I think part of her concern is predators and a 4' fence def wouldn't keep them out.


----------



## iddybit acres

I have the 4 panel kennel and the box kennel, i def. like the panel one better!!


----------



## freedomstarfarm

Here is one that I found in SD CL http://sandiego.craigslist.org/nsd/grd/2367859886.html . This is the kind with sections. It costs more but I would look for ones like this. It is nice and a good size also! Maybe see if they will go down in price. :wink:


----------



## Ali_1010

Thank you! 
Freedomstarfarms-What do you mean by panels? Which would be the best? How would I assemble it? Would the first one (from Home Depot) work? I'm still crossing my fingers for the CL one, but i'm guessing if he hasn't responded yet...he's not gonna respond anytime soon. I have a tarp I can put over the top for protection and shade, and I have a little shelter for the goats all ready.  Also, i've seen the ad before, and unfortunately 600 (or anything close) is just way way too expensive for me. xD


----------



## freedomstarfarm

The first one from HD is like the one in the photo I posted with some of my goats right? It would work. The only downfall is that you can't extend it or add onto it. The frame is fixed not panels. I would wait until closer to getting the goats and see what comes for sale on CL. The HD one takes maybe a hour for 2 adults to set up so it would be easy and quick incase you don't find something better first.


----------



## Thanatos

Y not go to a feed store and get cattle panels? they are like 16' long and 5' tall. you just wire them together and bingo a 16x16 pen


----------



## freedomstarfarm

If you do get the panels be sure to get small spacing. The regular cattle panels the little Nigerian kids can fit right thru. :wink:


----------



## pstello

I took a 10 by 10 dog kennel((not the chain link kind)) and put it against the side of my husbands garage so to it is 10feet wide and 20 feet long. I wrapped the outside with heavy plastic so in the winter time the wind would not blow through it. We put a metal roof on it. And to make it look nice. My neighbor is Amish and has a saw mill he gave us 2 big bundles of the long pieces with the bark on them that he cuts off the logs and we put them on the outside over lapping them and it looks like a log cabin. they can come and go when they want into the pasture.


----------



## freedomstarfarm

pstello. It sounds really neat!

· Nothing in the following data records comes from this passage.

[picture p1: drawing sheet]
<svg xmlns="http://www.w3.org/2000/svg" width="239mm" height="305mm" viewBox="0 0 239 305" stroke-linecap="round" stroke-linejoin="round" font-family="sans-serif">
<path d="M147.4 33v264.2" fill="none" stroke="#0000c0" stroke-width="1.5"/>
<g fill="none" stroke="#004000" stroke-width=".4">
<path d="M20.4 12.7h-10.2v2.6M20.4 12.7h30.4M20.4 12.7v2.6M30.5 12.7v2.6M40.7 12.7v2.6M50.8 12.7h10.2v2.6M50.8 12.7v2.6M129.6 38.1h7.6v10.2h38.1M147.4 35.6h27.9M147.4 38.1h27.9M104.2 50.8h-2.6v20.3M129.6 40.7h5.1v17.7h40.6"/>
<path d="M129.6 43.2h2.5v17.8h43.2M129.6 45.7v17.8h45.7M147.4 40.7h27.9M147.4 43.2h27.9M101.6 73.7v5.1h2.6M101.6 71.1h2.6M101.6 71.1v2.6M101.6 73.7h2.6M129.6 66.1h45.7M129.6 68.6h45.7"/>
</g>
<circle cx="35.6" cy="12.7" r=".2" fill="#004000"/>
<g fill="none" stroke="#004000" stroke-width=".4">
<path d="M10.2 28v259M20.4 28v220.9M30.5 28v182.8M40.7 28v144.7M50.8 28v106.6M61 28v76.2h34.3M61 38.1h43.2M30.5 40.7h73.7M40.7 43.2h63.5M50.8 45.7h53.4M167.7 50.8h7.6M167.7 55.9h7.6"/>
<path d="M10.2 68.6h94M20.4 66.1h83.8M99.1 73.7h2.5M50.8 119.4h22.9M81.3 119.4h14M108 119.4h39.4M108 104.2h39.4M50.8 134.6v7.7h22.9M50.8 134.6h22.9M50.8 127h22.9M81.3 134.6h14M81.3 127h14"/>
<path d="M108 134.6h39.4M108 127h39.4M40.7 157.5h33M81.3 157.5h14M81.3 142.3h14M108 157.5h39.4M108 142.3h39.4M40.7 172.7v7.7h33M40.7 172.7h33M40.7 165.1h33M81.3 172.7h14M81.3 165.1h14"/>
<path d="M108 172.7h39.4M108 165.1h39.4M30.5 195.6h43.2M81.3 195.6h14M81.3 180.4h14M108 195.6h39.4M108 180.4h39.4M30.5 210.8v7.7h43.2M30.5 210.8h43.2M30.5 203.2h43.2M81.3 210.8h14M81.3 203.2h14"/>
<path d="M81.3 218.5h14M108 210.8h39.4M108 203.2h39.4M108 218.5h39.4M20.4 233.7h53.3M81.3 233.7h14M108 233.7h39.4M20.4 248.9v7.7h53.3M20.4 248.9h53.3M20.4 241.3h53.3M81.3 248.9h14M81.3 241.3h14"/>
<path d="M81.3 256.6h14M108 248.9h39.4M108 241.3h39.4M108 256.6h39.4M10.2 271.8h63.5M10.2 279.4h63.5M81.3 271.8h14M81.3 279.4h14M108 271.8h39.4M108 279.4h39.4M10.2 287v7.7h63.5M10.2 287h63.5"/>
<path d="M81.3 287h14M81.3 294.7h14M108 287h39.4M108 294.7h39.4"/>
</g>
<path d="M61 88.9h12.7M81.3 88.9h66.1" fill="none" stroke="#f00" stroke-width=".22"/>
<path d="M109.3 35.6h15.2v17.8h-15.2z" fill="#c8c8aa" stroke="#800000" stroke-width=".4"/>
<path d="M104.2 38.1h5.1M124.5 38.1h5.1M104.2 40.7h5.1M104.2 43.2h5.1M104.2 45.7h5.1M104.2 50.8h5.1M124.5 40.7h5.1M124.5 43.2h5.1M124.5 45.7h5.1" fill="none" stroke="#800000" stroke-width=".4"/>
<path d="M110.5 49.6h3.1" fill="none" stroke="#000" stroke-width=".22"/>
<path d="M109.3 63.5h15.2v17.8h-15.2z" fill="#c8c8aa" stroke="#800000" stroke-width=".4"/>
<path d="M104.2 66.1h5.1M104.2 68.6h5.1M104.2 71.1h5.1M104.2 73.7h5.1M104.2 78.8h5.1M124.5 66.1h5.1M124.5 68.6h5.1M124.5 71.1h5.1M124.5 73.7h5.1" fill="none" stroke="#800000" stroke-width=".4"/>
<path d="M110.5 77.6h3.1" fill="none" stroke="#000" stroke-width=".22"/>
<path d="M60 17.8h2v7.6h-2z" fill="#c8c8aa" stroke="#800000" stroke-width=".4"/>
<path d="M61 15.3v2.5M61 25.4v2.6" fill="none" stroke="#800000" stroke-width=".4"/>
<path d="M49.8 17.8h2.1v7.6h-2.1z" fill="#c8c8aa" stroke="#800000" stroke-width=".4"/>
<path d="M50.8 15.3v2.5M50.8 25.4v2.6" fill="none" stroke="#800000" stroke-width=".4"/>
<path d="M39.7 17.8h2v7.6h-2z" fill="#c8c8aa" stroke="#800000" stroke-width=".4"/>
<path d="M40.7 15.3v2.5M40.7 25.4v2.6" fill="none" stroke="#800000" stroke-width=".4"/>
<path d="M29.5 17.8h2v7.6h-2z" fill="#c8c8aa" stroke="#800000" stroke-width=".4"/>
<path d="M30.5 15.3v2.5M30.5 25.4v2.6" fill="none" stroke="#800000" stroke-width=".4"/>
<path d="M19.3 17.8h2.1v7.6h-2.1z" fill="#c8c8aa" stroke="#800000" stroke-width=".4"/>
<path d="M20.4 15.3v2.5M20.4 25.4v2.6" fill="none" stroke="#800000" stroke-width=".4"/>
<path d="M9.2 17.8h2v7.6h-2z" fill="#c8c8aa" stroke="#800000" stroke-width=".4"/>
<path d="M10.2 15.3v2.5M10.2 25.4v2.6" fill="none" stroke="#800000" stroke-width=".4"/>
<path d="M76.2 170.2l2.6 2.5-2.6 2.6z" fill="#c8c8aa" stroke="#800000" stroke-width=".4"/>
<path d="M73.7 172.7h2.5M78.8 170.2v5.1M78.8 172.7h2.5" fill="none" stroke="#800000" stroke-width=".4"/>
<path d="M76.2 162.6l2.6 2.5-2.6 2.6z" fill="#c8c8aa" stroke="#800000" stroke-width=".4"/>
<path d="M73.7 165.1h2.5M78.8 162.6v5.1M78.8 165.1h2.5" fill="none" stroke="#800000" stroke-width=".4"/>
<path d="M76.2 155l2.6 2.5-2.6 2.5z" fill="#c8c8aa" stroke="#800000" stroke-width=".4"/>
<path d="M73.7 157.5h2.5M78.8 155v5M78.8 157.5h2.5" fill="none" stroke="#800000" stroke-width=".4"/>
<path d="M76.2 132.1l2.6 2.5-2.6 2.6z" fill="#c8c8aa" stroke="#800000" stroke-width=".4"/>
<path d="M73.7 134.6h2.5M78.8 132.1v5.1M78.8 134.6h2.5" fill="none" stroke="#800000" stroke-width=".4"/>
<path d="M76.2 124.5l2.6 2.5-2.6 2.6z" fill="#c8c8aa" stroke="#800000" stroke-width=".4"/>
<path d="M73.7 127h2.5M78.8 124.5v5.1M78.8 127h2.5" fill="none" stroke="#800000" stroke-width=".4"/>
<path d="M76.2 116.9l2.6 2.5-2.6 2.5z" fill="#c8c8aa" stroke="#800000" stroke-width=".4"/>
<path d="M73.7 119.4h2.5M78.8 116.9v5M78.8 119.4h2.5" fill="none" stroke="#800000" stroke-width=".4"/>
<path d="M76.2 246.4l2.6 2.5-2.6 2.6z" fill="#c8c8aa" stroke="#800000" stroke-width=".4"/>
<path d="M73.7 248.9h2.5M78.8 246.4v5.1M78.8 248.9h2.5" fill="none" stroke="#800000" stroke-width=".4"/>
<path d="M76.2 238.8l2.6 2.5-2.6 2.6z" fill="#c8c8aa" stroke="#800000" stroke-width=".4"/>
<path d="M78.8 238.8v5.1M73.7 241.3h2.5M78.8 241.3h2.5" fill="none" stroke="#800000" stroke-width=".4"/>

Please post a photo!! :greengrin:


----------



## iddybit acres

I wonder ...... i have a old pop up camper trailor, i wonder if i can make a moveable house out of this ?? It's light enough i can pull it with my 4 wheeler :whatgoat: Plus it would be up off the ground .......... hmmmmmm


----------



## milk and honey

Those would be some Spoiled Goaties!... I love it!


----------



## iddybit acres

And if i did it with pallet's it would be free!!! close in one long side and both end's make half wall's on the front and of course a ramp to enter/ exit and over the wheel well's make a solid bench across the middle which will help it become sturdier and a rest area for the goatie's =} hmm i think this could work!!


----------



## freedomstarfarm

we would def need to see photos of that cool contraption once it is made. :wink:


----------



## milk and honey

I LOVE pallets... I use them all the time! Definately want Pics!


----------



## Ali_1010

Okay guys, this is what i'm thinking? 
http://www.lowes.com/pd_12323-73743-381 ... 26page%3D1

My only concern is, would it be big enough? They wouldn't be in there 24/7, and once I got some more more up I would add panels.


----------